Why Most 4-Year Olds Are Better at Branding Than We Are

Updated: Jun 22, 2021

3 Ways to Answer the Question of “Why?”

Anyone who has ever had or even been around small children is familiar with this line of questioning...asking “why?” to unpack the fundamental truth about the thing in question, either until the answer becomes painfully obvious or it is obvious that you don’t know it. Unable to bear my own ignorance any longer, I can now, in fact, explain to my kids why the sky is blue.

We've all been there... “Why? why? WHY?”

For a credible, compelling and market-relevant organization, answering the fundamental “so what?” or “why?” for buyers and other stakeholders is the launch point for good marketing. As consumers, all of us are treated as targets throughout the day by various purveyors of stuff, whether we like it or can wear. The WHY is what gives people permission and provides access, it's what forges bonds, commercial or otherwise.

Even in the world of B2B products and services, we often remind ourselves and our clients that in the machinery of marketing and business our reptilian brain still reigns supreme when it comes to making purchase decisions.

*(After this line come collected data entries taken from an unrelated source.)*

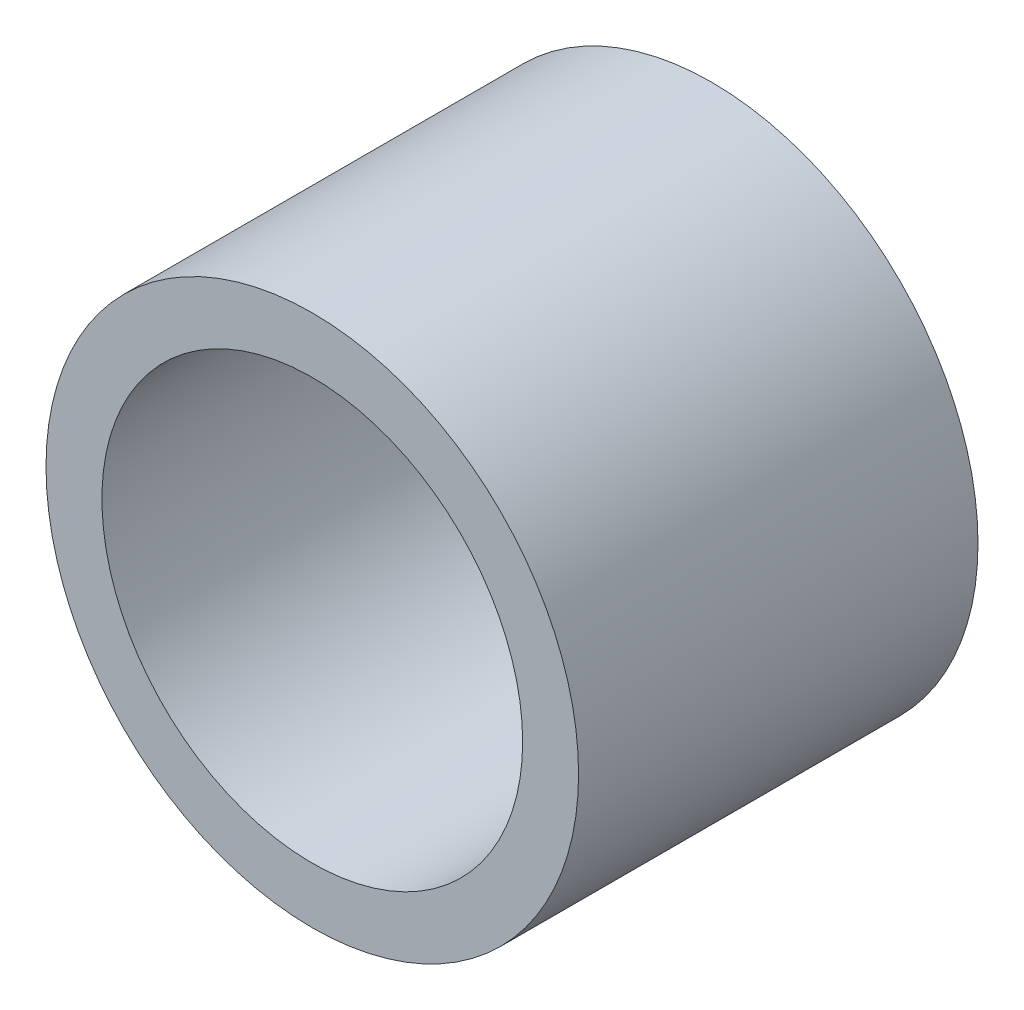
ISO-10303-21;
HEADER;
FILE_DESCRIPTION(('STEP AP214'),'2;1');
FILE_NAME('part.step','',(''),(''),'','','');
FILE_SCHEMA(('AUTOMOTIVE_DESIGN { 1 0 10303 214 1 1 1 1 }'));
ENDSEC;
DATA;
#1=APPLICATION_CONTEXT('core data for automotive mechanical design processes');
#2=APPLICATION_PROTOCOL_DEFINITION('international standard','automotive_design',2000,#1);
#3=PRODUCT_CONTEXT('',#1,'mechanical');
#4=PRODUCT('Part','Part','',(#3));
#5=PRODUCT_RELATED_PRODUCT_CATEGORY('part','',(#4));
#6=PRODUCT_DEFINITION_FORMATION('','',#4);
#7=PRODUCT_DEFINITION_CONTEXT('part definition',#1,'design');
#8=PRODUCT_DEFINITION('design','',#6,#7);
#9=PRODUCT_DEFINITION_SHAPE('','',#8);
#10=(LENGTH_UNIT() NAMED_UNIT(*) SI_UNIT(.MILLI.,.METRE.));
#11=(NAMED_UNIT(*) PLANE_ANGLE_UNIT() SI_UNIT($,.RADIAN.));
#12=(NAMED_UNIT(*) SI_UNIT($,.STERADIAN.) SOLID_ANGLE_UNIT());
#13=UNCERTAINTY_MEASURE_WITH_UNIT(LENGTH_MEASURE(1.E-05),#10,'distance_accuracy_value','');
#14=(GEOMETRIC_REPRESENTATION_CONTEXT(3) GLOBAL_UNCERTAINTY_ASSIGNED_CONTEXT((#13)) GLOBAL_UNIT_ASSIGNED_CONTEXT((#10,
#11,#12)) REPRESENTATION_CONTEXT('',''));
#15=CARTESIAN_POINT('',(0.,0.,0.));
#16=DIRECTION('',(0.,0.,1.));
#17=DIRECTION('',(1.,0.,0.));
#18=AXIS2_PLACEMENT_3D('',#15,#16,#17);
#19=CARTESIAN_POINT('',(-7.62,12.7,30.988));
#20=DIRECTION('',(0.,0.,-1.));
#21=DIRECTION('',(-1.,0.,0.));
#22=AXIS2_PLACEMENT_3D('',#19,#20,#21);
#23=CYLINDRICAL_SURFACE('',#22,2.413);
#24=CARTESIAN_POINT('',(-7.62,12.7,7.112));
#25=DIRECTION('',(0.,0.,1.));
#26=DIRECTION('',(1.,0.,0.));
#27=AXIS2_PLACEMENT_3D('',#24,#25,#26);
#28=CIRCLE('',#27,2.413);
#29=CARTESIAN_POINT('',(-5.207,12.7,7.112));
#30=VERTEX_POINT('',#29);
#31=EDGE_CURVE('E41',#30,#30,#28,.T.);
#32=ORIENTED_EDGE('',*,*,#31,.T.);
#33=EDGE_LOOP('',(#32));
#34=FACE_BOUND('',#33,.T.);
#35=CARTESIAN_POINT('',(-7.62,12.7,1.524));
#36=DIRECTION('',(0.,0.,-1.));
#37=DIRECTION('',(-1.,0.,0.));
#38=AXIS2_PLACEMENT_3D('',#35,#36,#37);
#39=CIRCLE('',#38,2.413);
#40=CARTESIAN_POINT('',(-10.033,12.7,1.524));
#41=VERTEX_POINT('',#40);
#42=EDGE_CURVE('E47',#41,#41,#39,.F.);
#43=ORIENTED_EDGE('',*,*,#42,.F.);
#44=EDGE_LOOP('',(#43));
#45=FACE_BOUND('',#44,.T.);
#46=ADVANCED_FACE('F24',(#34,#45),#23,.F.);
#47=CARTESIAN_POINT('',(0.,0.,38.1));
#48=DIRECTION('',(0.,0.,-1.));
#49=DIRECTION('',(-1.,0.,0.));
#50=AXIS2_PLACEMENT_3D('',#47,#48,#49);
#51=CYLINDRICAL_SURFACE('',#50,25.4);
#52=CARTESIAN_POINT('',(0.,0.,38.1));
#53=DIRECTION('',(0.,0.,1.));
#54=DIRECTION('',(1.,0.,0.));
#55=AXIS2_PLACEMENT_3D('',#52,#53,#54);
#56=CIRCLE('',#55,25.4);
#57=CARTESIAN_POINT('',(-25.4,0.,38.1));
#58=VERTEX_POINT('',#57);
#59=EDGE_CURVE('E10',#58,#58,#56,.T.);
#60=CARTESIAN_POINT('',(0.,0.,0.));
#61=DIRECTION('',(0.,0.,1.));
#62=DIRECTION('',(1.,0.,0.));
#63=AXIS2_PLACEMENT_3D('',#60,#61,#62);
#64=CIRCLE('',#63,25.4);
#65=CARTESIAN_POINT('',(-25.4,0.,0.));
#66=VERTEX_POINT('',#65);
#67=EDGE_CURVE('E32',#66,#66,#64,.T.);
#68=CARTESIAN_POINT('',(-25.4,0.,38.1));
#69=CARTESIAN_POINT('',(-25.4,0.,37.703125));
#70=CARTESIAN_POINT('',(-25.4,0.,37.30625));
#71=CARTESIAN_POINT('',(-25.4,0.,36.5125));
#72=CARTESIAN_POINT('',(-25.4,0.,36.115625));
#73=CARTESIAN_POINT('',(-25.4,0.,35.321875));
#74=CARTESIAN_POINT('',(-25.4,0.,34.925));
#75=CARTESIAN_POINT('',(-25.4,0.,34.13125));
#76=CARTESIAN_POINT('',(-25.4,0.,33.734375));
#77=CARTESIAN_POINT('',(-25.4,0.,32.940625));
#78=CARTESIAN_POINT('',(-25.4,0.,32.54375));
#79=CARTESIAN_POINT('',(-25.4,0.,31.75));
#80=CARTESIAN_POINT('',(-25.4,0.,31.353125));
#81=CARTESIAN_POINT('',(-25.4,0.,30.559375));
#82=CARTESIAN_POINT('',(-25.4,0.,30.1625));
#83=CARTESIAN_POINT('',(-25.4,0.,29.36875));
#84=CARTESIAN_POINT('',(-25.4,0.,28.971875));
#85=CARTESIAN_POINT('',(-25.4,0.,28.178125));
#86=CARTESIAN_POINT('',(-25.4,0.,27.78125));
#87=CARTESIAN_POINT('',(-25.4,0.,26.9875));
#88=CARTESIAN_POINT('',(-25.4,0.,26.590625));
#89=CARTESIAN_POINT('',(-25.4,0.,25.796875));
#90=CARTESIAN_POINT('',(-25.4,0.,25.4));
#91=CARTESIAN_POINT('',(-25.4,0.,24.60625));
#92=CARTESIAN_POINT('',(-25.4,0.,24.209375));
#93=CARTESIAN_POINT('',(-25.4,0.,23.415625));
#94=CARTESIAN_POINT('',(-25.4,0.,23.01875));
#95=CARTESIAN_POINT('',(-25.4,0.,22.225));
#96=CARTESIAN_POINT('',(-25.4,0.,21.828125));
#97=CARTESIAN_POINT('',(-25.4,0.,21.034375));
#98=CARTESIAN_POINT('',(-25.4,0.,20.6375));
#99=CARTESIAN_POINT('',(-25.4,0.,19.84375));
#100=CARTESIAN_POINT('',(-25.4,0.,19.446875));
#101=CARTESIAN_POINT('',(-25.4,0.,18.653125));
#102=CARTESIAN_POINT('',(-25.4,0.,18.25625));
#103=CARTESIAN_POINT('',(-25.4,0.,17.4625));
#104=CARTESIAN_POINT('',(-25.4,0.,17.065625));
#105=CARTESIAN_POINT('',(-25.4,0.,16.271875));
#106=CARTESIAN_POINT('',(-25.4,0.,15.875));
#107=CARTESIAN_POINT('',(-25.4,0.,15.08125));
#108=CARTESIAN_POINT('',(-25.4,0.,14.684375));
#109=CARTESIAN_POINT('',(-25.4,0.,13.890625));
#110=CARTESIAN_POINT('',(-25.4,0.,13.49375));
#111=CARTESIAN_POINT('',(-25.4,0.,12.7));
#112=CARTESIAN_POINT('',(-25.4,0.,12.303125));
#113=CARTESIAN_POINT('',(-25.4,0.,11.509375));
#114=CARTESIAN_POINT('',(-25.4,0.,11.1125));
#115=CARTESIAN_POINT('',(-25.4,0.,10.31875));
#116=CARTESIAN_POINT('',(-25.4,0.,9.921875));
#117=CARTESIAN_POINT('',(-25.4,0.,9.128125));
#118=CARTESIAN_POINT('',(-25.4,0.,8.73125));
#119=CARTESIAN_POINT('',(-25.4,0.,7.9375));
#120=CARTESIAN_POINT('',(-25.4,0.,7.540625));
#121=CARTESIAN_POINT('',(-25.4,0.,6.746875));
#122=CARTESIAN_POINT('',(-25.4,0.,6.35));
#123=CARTESIAN_POINT('',(-25.4,0.,5.55625));
#124=CARTESIAN_POINT('',(-25.4,0.,5.159375));
#125=CARTESIAN_POINT('',(-25.4,0.,4.365625));
#126=CARTESIAN_POINT('',(-25.4,0.,3.96875));
#127=CARTESIAN_POINT('',(-25.4,0.,3.175));
#128=CARTESIAN_POINT('',(-25.4,0.,2.778125));
#129=CARTESIAN_POINT('',(-25.4,0.,1.984375));
#130=CARTESIAN_POINT('',(-25.4,0.,1.5875));
#131=CARTESIAN_POINT('',(-25.4,0.,0.79375));
#132=CARTESIAN_POINT('',(-25.4,0.,0.396875));
#133=CARTESIAN_POINT('',(-25.4,0.,0.));
#134=B_SPLINE_CURVE_WITH_KNOTS('',3,(#68,#69,#70,#71,#72,#73,#74,#75,#76,#77,#78,#79,#80,#81,
#82,#83,#84,#85,#86,#87,#88,#89,#90,#91,#92,#93,#94,#95,#96,#97,#98,#99,#100,#101,#102,#103,
#104,#105,#106,#107,#108,#109,#110,#111,#112,#113,#114,#115,#116,#117,#118,#119,#120,#121,#122,
#123,#124,#125,#126,#127,#128,#129,#130,#131,#132,#133),.UNSPECIFIED.,.F.,.F.,(4,2,2,2,2,2,2,2,
2,2,2,2,2,2,2,2,2,2,2,2,2,2,2,2,2,2,2,2,2,2,2,2,4),(0.,1.19062499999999,2.38124999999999,
3.571875,4.7625,5.953125,7.14375,8.33437499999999,9.525,10.715625,11.90625,13.096875,14.2875,
15.478125,16.66875,17.859375,19.05,20.240625,21.43125,22.621875,23.8125,25.003125,26.19375,
27.384375,28.575,29.765625,30.95625,32.146875,33.3375,34.528125,35.71875,36.909375,38.1),.UNSPECIFIED.);
#135=EDGE_CURVE('BSEAM26',#58,#66,#134,.T.);
#136=ORIENTED_EDGE('',*,*,#59,.F.);
#137=ORIENTED_EDGE('',*,*,#67,.T.);
#138=ORIENTED_EDGE('',*,*,#135,.T.);
#139=ORIENTED_EDGE('',*,*,#135,.F.);
#140=EDGE_LOOP('',(#136,#138,#137,#139));
#141=FACE_BOUND('',#140,.T.);
#142=ADVANCED_FACE('F26',(#141),#51,.T.);
#143=CARTESIAN_POINT('',(0.,0.,38.1));
#144=DIRECTION('',(0.,0.,1.));
#145=DIRECTION('',(1.,0.,0.));
#146=AXIS2_PLACEMENT_3D('',#143,#144,#145);
#147=PLANE('',#146);
#148=CARTESIAN_POINT('',(0.,0.,38.1));
#149=DIRECTION('',(0.,0.,1.));
#150=DIRECTION('',(1.,0.,0.));
#151=AXIS2_PLACEMENT_3D('',#148,#149,#150);
#152=CIRCLE('',#151,20.066);
#153=CARTESIAN_POINT('',(20.066,0.,38.1));
#154=VERTEX_POINT('',#153);
#155=EDGE_CURVE('E44',#154,#154,#152,.T.);
#156=ORIENTED_EDGE('',*,*,#155,.F.);
#157=EDGE_LOOP('',(#156));
#158=FACE_BOUND('',#157,.T.);
#159=ORIENTED_EDGE('',*,*,#59,.T.);
#160=EDGE_LOOP('',(#159));
#161=FACE_BOUND('',#160,.T.);
#162=ADVANCED_FACE('F74',(#158,#161),#147,.T.);
#163=CARTESIAN_POINT('',(0.,0.,0.));
#164=DIRECTION('',(0.,0.,1.));
#165=DIRECTION('',(1.,0.,0.));
#166=AXIS2_PLACEMENT_3D('',#163,#164,#165);
#167=PLANE('',#166);
#168=CARTESIAN_POINT('',(-7.62,-12.7,0.));
#169=DIRECTION('',(0.,0.,-1.));
#170=DIRECTION('',(1.,0.,0.));
#171=AXIS2_PLACEMENT_3D('',#168,#169,#170);
#172=CIRCLE('',#171,4.064);
#173=CARTESIAN_POINT('',(-11.684,-12.7,0.));
#174=VERTEX_POINT('',#173);
#175=EDGE_CURVE('E114',#174,#174,#172,.T.);
#176=ORIENTED_EDGE('',*,*,#175,.F.);
#177=EDGE_LOOP('',(#176));
#178=FACE_BOUND('',#177,.T.);
#179=CARTESIAN_POINT('',(-7.62,12.7,0.));
#180=DIRECTION('',(0.,0.,-1.));
#181=DIRECTION('',(-1.,0.,0.));
#182=AXIS2_PLACEMENT_3D('',#179,#180,#181);
#183=CIRCLE('',#182,4.064);
#184=CARTESIAN_POINT('',(-11.684,12.7,0.));
#185=VERTEX_POINT('',#184);
#186=EDGE_CURVE('E53',#185,#185,#183,.T.);
#187=ORIENTED_EDGE('',*,*,#186,.F.);
#188=EDGE_LOOP('',(#187));
#189=FACE_BOUND('',#188,.T.);
#190=ORIENTED_EDGE('',*,*,#67,.F.);
#191=EDGE_LOOP('',(#190));
#192=FACE_BOUND('',#191,.T.);
#193=ADVANCED_FACE('F70',(#178,#189,#192),#167,.F.);
#194=CARTESIAN_POINT('',(0.,0.,7.112));
#195=DIRECTION('',(0.,0.,1.));
#196=DIRECTION('',(1.,0.,0.));
#197=AXIS2_PLACEMENT_3D('',#194,#195,#196);
#198=CYLINDRICAL_SURFACE('',#197,20.066);
#199=CARTESIAN_POINT('',(0.,0.,7.112));
#200=DIRECTION('',(0.,0.,1.));
#201=DIRECTION('',(1.,0.,0.));
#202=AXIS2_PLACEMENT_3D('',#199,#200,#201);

So, when organizations are marketing and selling, that means everyone wants to know “why?” before they care to hear anything else.

Landing new deals, getting (and keeping) new clients and building new markets requires skill, timing, luck and likely a host of other enablers. The skill to ‘do the job’ is very often table stakes in higher-echelon fields of work, and the edge comes in being able to engage a buyer's front and back brain, their intellect and their emotion.

And yet so often we see very smart people and companies missing this very critical and foundational element when they go to market, whether it’s an investor-backed start up or a global technology provider: they forget to explain WHY.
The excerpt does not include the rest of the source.